Maldita Sexta-Feira

A memória mais recuada que tenho da Venerável Sexta-Feira remete para uma sensação de medo seguida de perto por um certo sentimento de revolta. O medo era o da criança a quem contavam dos raios e dos coriscos guardados, enquanto preâmbulo de um lugar inevitavelmente reservado no Inferno, para quem ousasse comer carne (embora todos nós pudéssemos encher desalmadamente a boca de amêndoas). E como eu tinha vontade, deus meu, principalmente naquele dia, de comer um enorme bife, com um ovo estrelado a cavalo, com montanhas de batatas fritas!
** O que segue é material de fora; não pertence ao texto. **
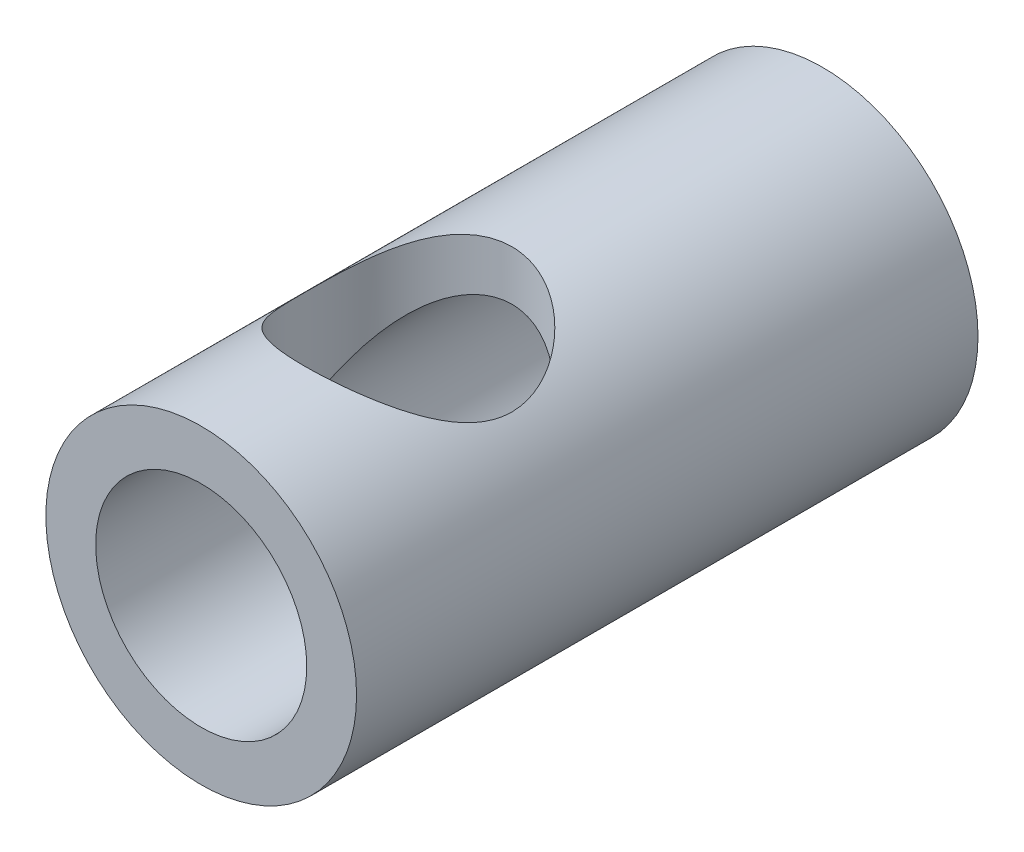
ISO-10303-21;
HEADER;
FILE_DESCRIPTION(('STEP AP214'),'2;1');
FILE_NAME('part.step','',(''),(''),'','','');
FILE_SCHEMA(('AUTOMOTIVE_DESIGN { 1 0 10303 214 1 1 1 1 }'));
ENDSEC;
DATA;
#1=APPLICATION_CONTEXT('core data for automotive mechanical design processes');
#2=APPLICATION_PROTOCOL_DEFINITION('international standard','automotive_design',2000,#1);
#3=PRODUCT_CONTEXT('',#1,'mechanical');
#4=PRODUCT('Part','Part','',(#3));
#5=PRODUCT_RELATED_PRODUCT_CATEGORY('part','',(#4));
#6=PRODUCT_DEFINITION_FORMATION('','',#4);
#7=PRODUCT_DEFINITION_CONTEXT('part definition',#1,'design');
#8=PRODUCT_DEFINITION('design','',#6,#7);
#9=PRODUCT_DEFINITION_SHAPE('','',#8);
#10=(LENGTH_UNIT() NAMED_UNIT(*) SI_UNIT(.MILLI.,.METRE.));
#11=(NAMED_UNIT(*) PLANE_ANGLE_UNIT() SI_UNIT($,.RADIAN.));
#12=(NAMED_UNIT(*) SI_UNIT($,.STERADIAN.) SOLID_ANGLE_UNIT());
#13=UNCERTAINTY_MEASURE_WITH_UNIT(LENGTH_MEASURE(1.E-05),#10,'distance_accuracy_value','');
#14=(GEOMETRIC_REPRESENTATION_CONTEXT(3) GLOBAL_UNCERTAINTY_ASSIGNED_CONTEXT((#13)) GLOBAL_UNIT_ASSIGNED_CONTEXT((#10,
#11,#12)) REPRESENTATION_CONTEXT('',''));
#15=CARTESIAN_POINT('',(0.,0.,0.));
#16=DIRECTION('',(0.,0.,1.));
#17=DIRECTION('',(1.,0.,0.));
#18=AXIS2_PLACEMENT_3D('',#15,#16,#17);
#19=CARTESIAN_POINT('',(0.,0.,12.));
#20=DIRECTION('',(0.,0.,-1.));
#21=DIRECTION('',(-1.,0.,0.));
#22=AXIS2_PLACEMENT_3D('',#19,#20,#21);
#23=CYLINDRICAL_SURFACE('',#22,3.);
#24=CARTESIAN_POINT('',(0.,0.,12.));
#25=DIRECTION('',(0.,0.,1.));
#26=DIRECTION('',(1.,0.,0.));
#27=AXIS2_PLACEMENT_3D('',#24,#25,#26);
#28=CIRCLE('',#27,3.);
#29=CARTESIAN_POINT('',(3.,0.,12.));
#30=VERTEX_POINT('',#29);
#31=EDGE_CURVE('E10',#30,#30,#28,.T.);
#32=ORIENTED_EDGE('',*,*,#31,.F.);
#33=EDGE_LOOP('',(#32));
#34=FACE_BOUND('',#33,.T.);
#35=CARTESIAN_POINT('',(0.,0.,0.));
#36=DIRECTION('',(0.,0.,1.));
#37=DIRECTION('',(1.,0.,0.));
#38=AXIS2_PLACEMENT_3D('',#35,#36,#37);
#39=CIRCLE('',#38,3.);
#40=CARTESIAN_POINT('',(3.,0.,0.));
#41=VERTEX_POINT('',#40);
#42=EDGE_CURVE('E51',#41,#41,#39,.T.);
#43=ORIENTED_EDGE('',*,*,#42,.T.);
#44=EDGE_LOOP('',(#43));
#45=FACE_BOUND('',#44,.T.);
#46=CARTESIAN_POINT('',(0.,3.,6.));
#47=CARTESIAN_POINT('',(-0.100484716668078,3.0000004164484,5.99999945036753));
#48=CARTESIAN_POINT('',(-0.200969087132901,2.99490802753388,6.0076139699555));
#49=CARTESIAN_POINT('',(-0.398733058031681,2.97504652423809,6.03759686410566));
#50=CARTESIAN_POINT('',(-0.496011113955007,2.96027281581235,6.05997224312329));
#51=CARTESIAN_POINT('',(-0.684212307854249,2.92250482404708,6.11810771732484));
#52=CARTESIAN_POINT('',(-0.775162872657554,2.89954905493315,6.15380514000794));
#53=CARTESIAN_POINT('',(-0.949415290997259,2.8472613787744,6.2370633632715));
#54=CARTESIAN_POINT('',(-1.03271603160967,2.8179285460551,6.28462588630056));
#55=CARTESIAN_POINT('',(-1.19728470077011,2.75227329369838,6.39465693736743));
#56=CARTESIAN_POINT('',(-1.27778030546067,2.71556897579319,6.45804786074289));
#57=CARTESIAN_POINT('',(-1.42772804469274,2.63982313083466,6.59573004865845));
#58=CARTESIAN_POINT('',(-1.49716405543888,2.60077830356832,6.67003692983774));
#59=CARTESIAN_POINT('',(-1.63422297745496,2.51728264678794,6.84105236761267));
#60=CARTESIAN_POINT('',(-1.6998318636275,2.47295067937795,6.93944565320345));
#61=CARTESIAN_POINT('',(-1.81350357014175,2.3908414735282,7.14836337764653));
#62=CARTESIAN_POINT('',(-1.86159673426503,2.35305295954668,7.25886640156274));
#63=CARTESIAN_POINT('',(-1.92674035011438,2.29976266641461,7.45671129342163));
#64=CARTESIAN_POINT('',(-1.94874447236008,2.28097627892403,7.54152845287391));
#65=CARTESIAN_POINT('',(-1.98150617785228,2.25257969659604,7.71474450474165));
#66=CARTESIAN_POINT('',(-1.99228314651963,2.24295368744147,7.80313694872606));
#67=CARTESIAN_POINT('',(-2.00191364141227,2.23436605608045,7.98147477885647));
#68=CARTESIAN_POINT('',(-2.00071842917524,2.23544802558502,8.0714250234524));
#69=CARTESIAN_POINT('',(-1.98637581333356,2.24819775483425,8.24963497349976));
#70=CARTESIAN_POINT('',(-1.97321828380393,2.25987448286881,8.33789318202813));
#71=CARTESIAN_POINT('',(-1.93664994217326,2.2912718598996,8.50646705124188));
#72=CARTESIAN_POINT('',(-1.91371711479477,2.31061488324375,8.58696133593877));
#73=CARTESIAN_POINT('',(-1.85870118583424,2.35509622933623,8.74302369097578));
#74=CARTESIAN_POINT('',(-1.8266150732855,2.3802364585489,8.81859013023865));
#75=CARTESIAN_POINT('',(-1.74673818732648,2.43964196377947,8.97902539535645));
#76=CARTESIAN_POINT('',(-1.69708052300445,2.47472317740627,9.0626599004831));
#77=CARTESIAN_POINT('',(-1.5866896043822,2.54691537733438,9.22138339528575));
#78=CARTESIAN_POINT('',(-1.52594268999614,2.58402882709328,9.29646165776207));
#79=CARTESIAN_POINT('',(-1.37981165322308,2.66543343763724,9.45254254560342));
#80=CARTESIAN_POINT('',(-1.29193938283656,2.7095474472056,9.53133404868277));
#81=CARTESIAN_POINT('',(-1.10200799908008,2.79218100665212,9.67319649453849));
#82=CARTESIAN_POINT('',(-0.999962299343694,2.83070577648042,9.73628214540898));
#83=CARTESIAN_POINT('',(-0.804857827096527,2.89145404090364,9.83347771862287));
#84=CARTESIAN_POINT('',(-0.713957643371907,2.9153926116554,9.87084336333894));
#85=CARTESIAN_POINT('',(-0.526036043935478,2.95507719030499,9.93210492562537));
#86=CARTESIAN_POINT('',(-0.429019879001648,2.97083012127544,9.95601222713222));
#87=CARTESIAN_POINT('',(-0.230985453172279,2.99275882156808,9.989161165238));
#88=CARTESIAN_POINT('',(-0.129951811934156,2.99889322461187,9.99833946093826));
#89=CARTESIAN_POINT('',(0.0724415193893484,3.00083114965147,10.0012470885622));
#90=CARTESIAN_POINT('',(0.173801186186627,2.99663539385634,9.99497750048877));
#91=CARTESIAN_POINT('',(0.36645571720424,2.97899589424273,9.96837594443805));
#92=CARTESIAN_POINT('',(0.457957444679194,2.96622246390226,9.94906270224478));
#93=CARTESIAN_POINT('',(0.636116392427402,2.93318449284837,9.89840431398714));
#94=CARTESIAN_POINT('',(0.722772837571135,2.91291875746989,9.86705724907179));
#95=CARTESIAN_POINT('',(0.894664750465998,2.86496352529158,9.79134770295508));
#96=CARTESIAN_POINT('',(0.979496184631421,2.83689870135785,9.74631184591814));
#97=CARTESIAN_POINT('',(1.14068302395729,2.77601855611511,9.64556671005372));
#98=CARTESIAN_POINT('',(1.21703314820091,2.74320030403941,9.58985083946783));
#99=CARTESIAN_POINT('',(1.37185445482324,2.6695454665343,9.45939213184249));
#100=CARTESIAN_POINT('',(1.44875187569565,2.62826156800165,9.38303373992491));
#101=CARTESIAN_POINT('',(1.58933968069449,2.54571173085958,9.21888857004288));
#102=CARTESIAN_POINT('',(1.6530209365723,2.50444582417845,9.13109396089249));
#103=CARTESIAN_POINT('',(1.76124776549313,2.4293967897058,8.95285758723187));
#104=CARTESIAN_POINT('',(1.80695636125283,2.39527597025701,8.86326796653779));
#105=CARTESIAN_POINT('',(1.88496213740264,2.33438974266154,8.67612734755637));
#106=CARTESIAN_POINT('',(1.91728345682189,2.30761112529822,8.57859106169537));
#107=CARTESIAN_POINT('',(1.9623584346534,2.26933208182633,8.39543551280459));
#108=CARTESIAN_POINT('',(1.97758597566225,2.25594998021257,8.31082819012399));
#109=CARTESIAN_POINT('',(1.99699205923373,2.23879466438398,8.13942671868161));
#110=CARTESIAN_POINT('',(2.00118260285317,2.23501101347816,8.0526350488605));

A revolta sobreveio anos mais tarde, quando as quatro estações de rádio e o único canal de televisão passavam quarenta e oito horas com uma programação apenas preenchida com vias-sacras, prédicas, penitências, mensagens do patriarcado, peças de Schumann e de Brahms tocadas pela Orquestra Sinfónica da Emissora Nacional e cantorias de igreja de qualidade duvidosa, não me deixando, como sempre, entrar em órbita com o Em Órbita. O domingo de Páscoa emergia então como momento de júbilo e principalmente de regresso à vida.

    Etc., Memória.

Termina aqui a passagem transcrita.